Where the records hold the string "shield", show the whole line it sits on.

Records from a dataset:
+---+
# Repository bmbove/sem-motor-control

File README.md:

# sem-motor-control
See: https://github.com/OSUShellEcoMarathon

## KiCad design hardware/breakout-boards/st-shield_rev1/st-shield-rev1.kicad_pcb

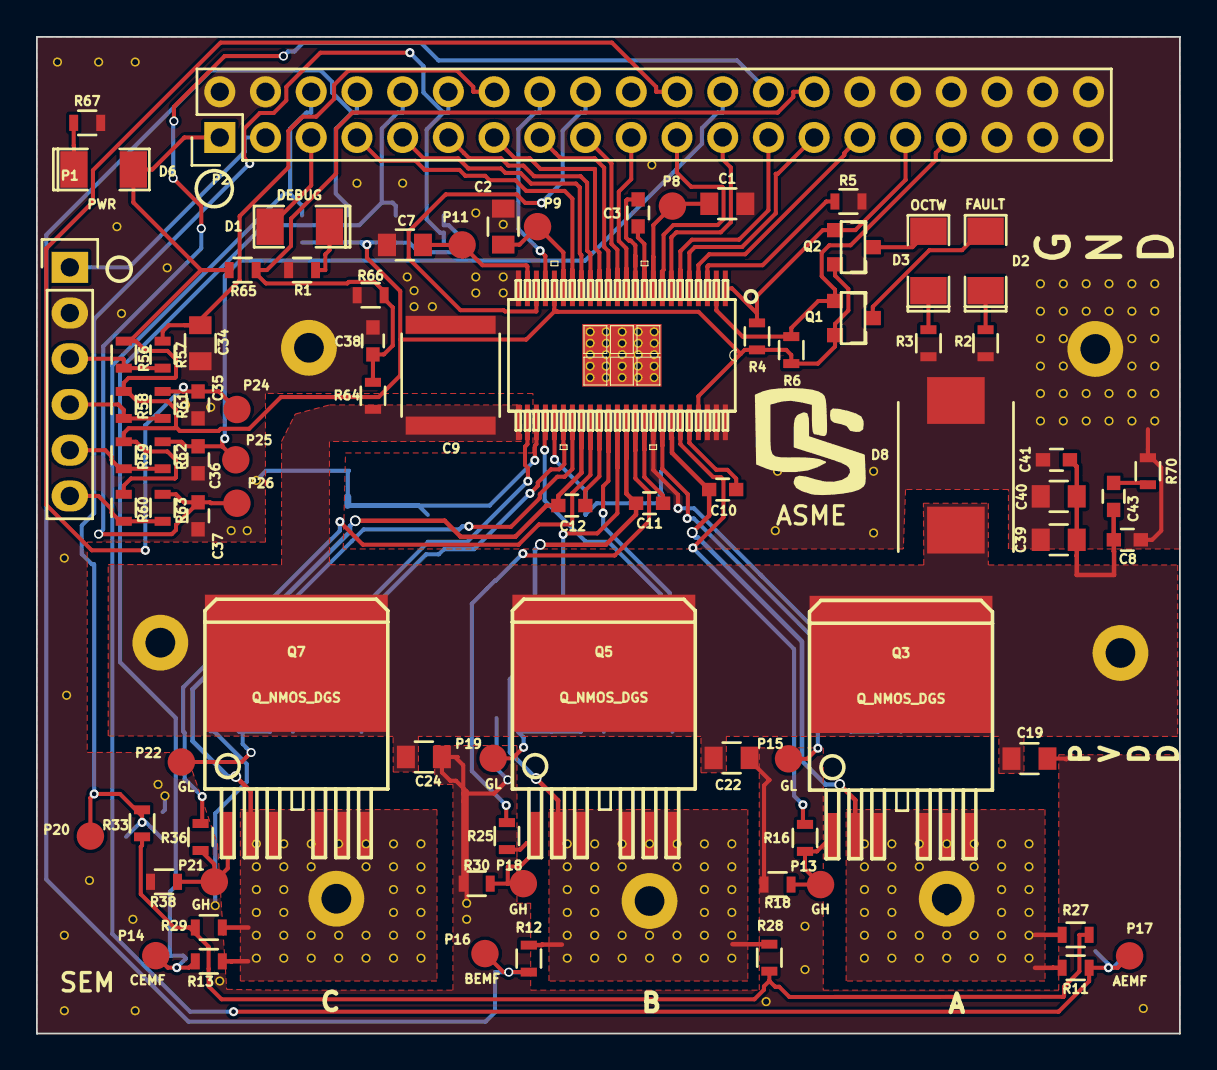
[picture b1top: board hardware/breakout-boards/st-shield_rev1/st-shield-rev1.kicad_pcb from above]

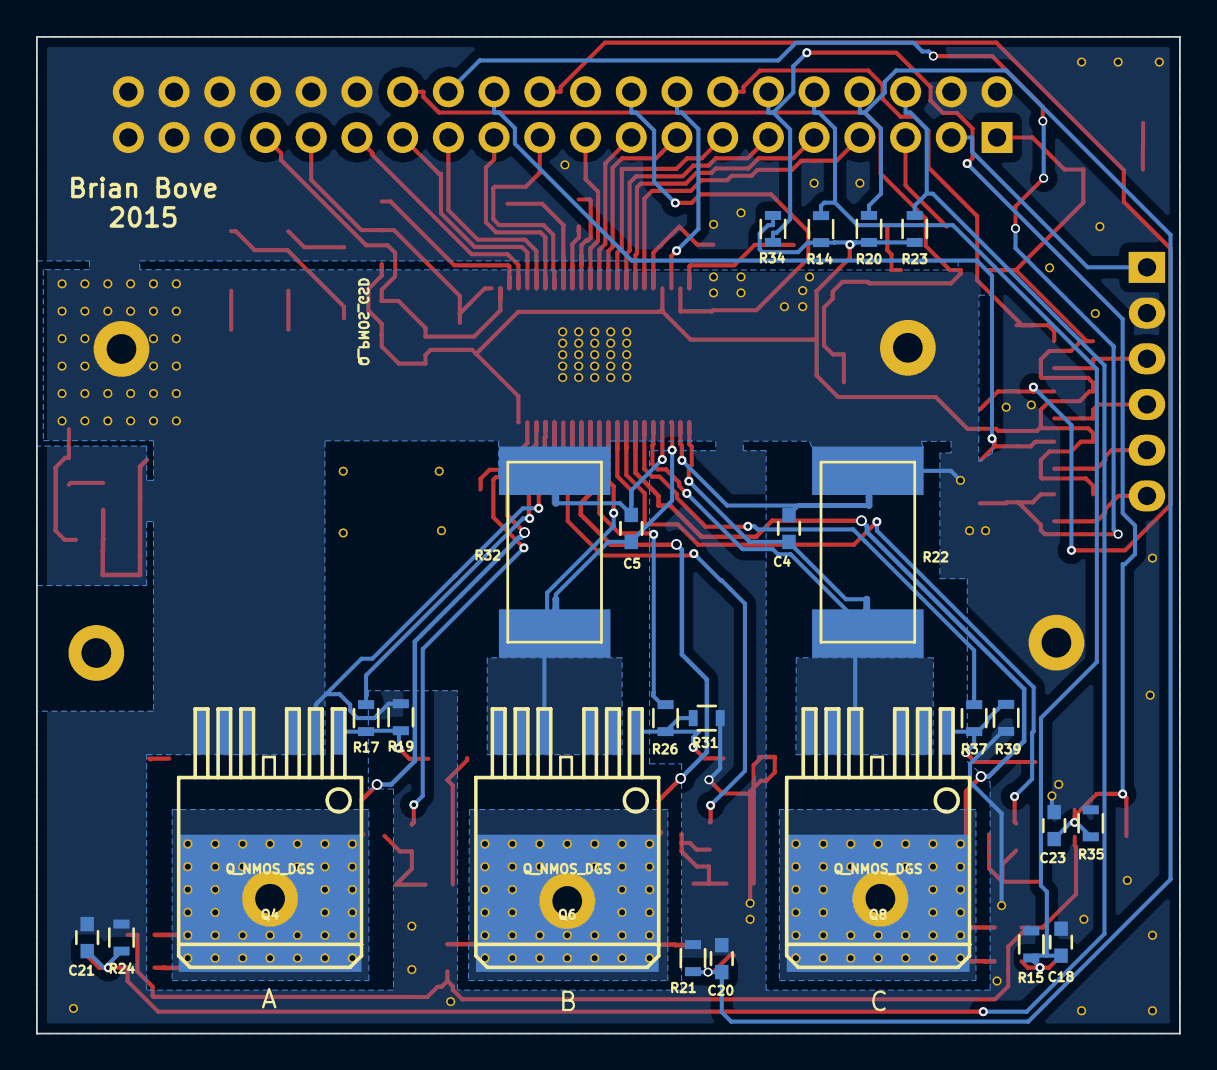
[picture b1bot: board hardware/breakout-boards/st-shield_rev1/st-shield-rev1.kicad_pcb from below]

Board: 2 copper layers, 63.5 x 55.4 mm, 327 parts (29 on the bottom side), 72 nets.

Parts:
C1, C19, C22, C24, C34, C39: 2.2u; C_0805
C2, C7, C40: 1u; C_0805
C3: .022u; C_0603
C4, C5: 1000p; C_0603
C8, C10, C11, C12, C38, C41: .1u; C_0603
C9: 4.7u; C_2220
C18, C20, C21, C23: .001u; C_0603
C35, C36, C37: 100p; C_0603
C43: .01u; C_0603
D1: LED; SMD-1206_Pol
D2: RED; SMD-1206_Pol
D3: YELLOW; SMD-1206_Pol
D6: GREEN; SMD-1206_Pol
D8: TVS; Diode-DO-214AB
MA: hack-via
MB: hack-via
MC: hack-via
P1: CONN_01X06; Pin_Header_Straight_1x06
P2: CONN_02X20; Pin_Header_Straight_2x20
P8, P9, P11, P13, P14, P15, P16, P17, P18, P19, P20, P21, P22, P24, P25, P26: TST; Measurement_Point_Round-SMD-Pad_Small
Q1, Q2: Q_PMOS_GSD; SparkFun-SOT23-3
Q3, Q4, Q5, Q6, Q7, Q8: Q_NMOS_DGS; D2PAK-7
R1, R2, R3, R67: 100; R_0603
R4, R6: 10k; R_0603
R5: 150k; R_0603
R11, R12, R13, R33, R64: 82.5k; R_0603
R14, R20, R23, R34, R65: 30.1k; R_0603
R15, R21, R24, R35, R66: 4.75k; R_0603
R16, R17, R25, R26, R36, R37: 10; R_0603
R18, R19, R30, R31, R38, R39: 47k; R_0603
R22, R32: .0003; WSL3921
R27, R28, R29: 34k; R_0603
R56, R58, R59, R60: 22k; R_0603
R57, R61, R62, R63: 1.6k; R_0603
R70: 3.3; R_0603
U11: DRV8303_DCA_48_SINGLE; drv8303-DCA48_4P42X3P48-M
+---+
## Exercise response
## KiCad design hardware/breakout-boards/st-shield_rev1/st-shield-rev1.kicad_pcb
[picture b1top: board hardware/breakout-boards/st-shield_rev1/st-shield-rev1.kicad_pcb from above]
[picture b1bot: board hardware/breakout-boards/st-shield_rev1/st-shield-rev1.kicad_pcb from below]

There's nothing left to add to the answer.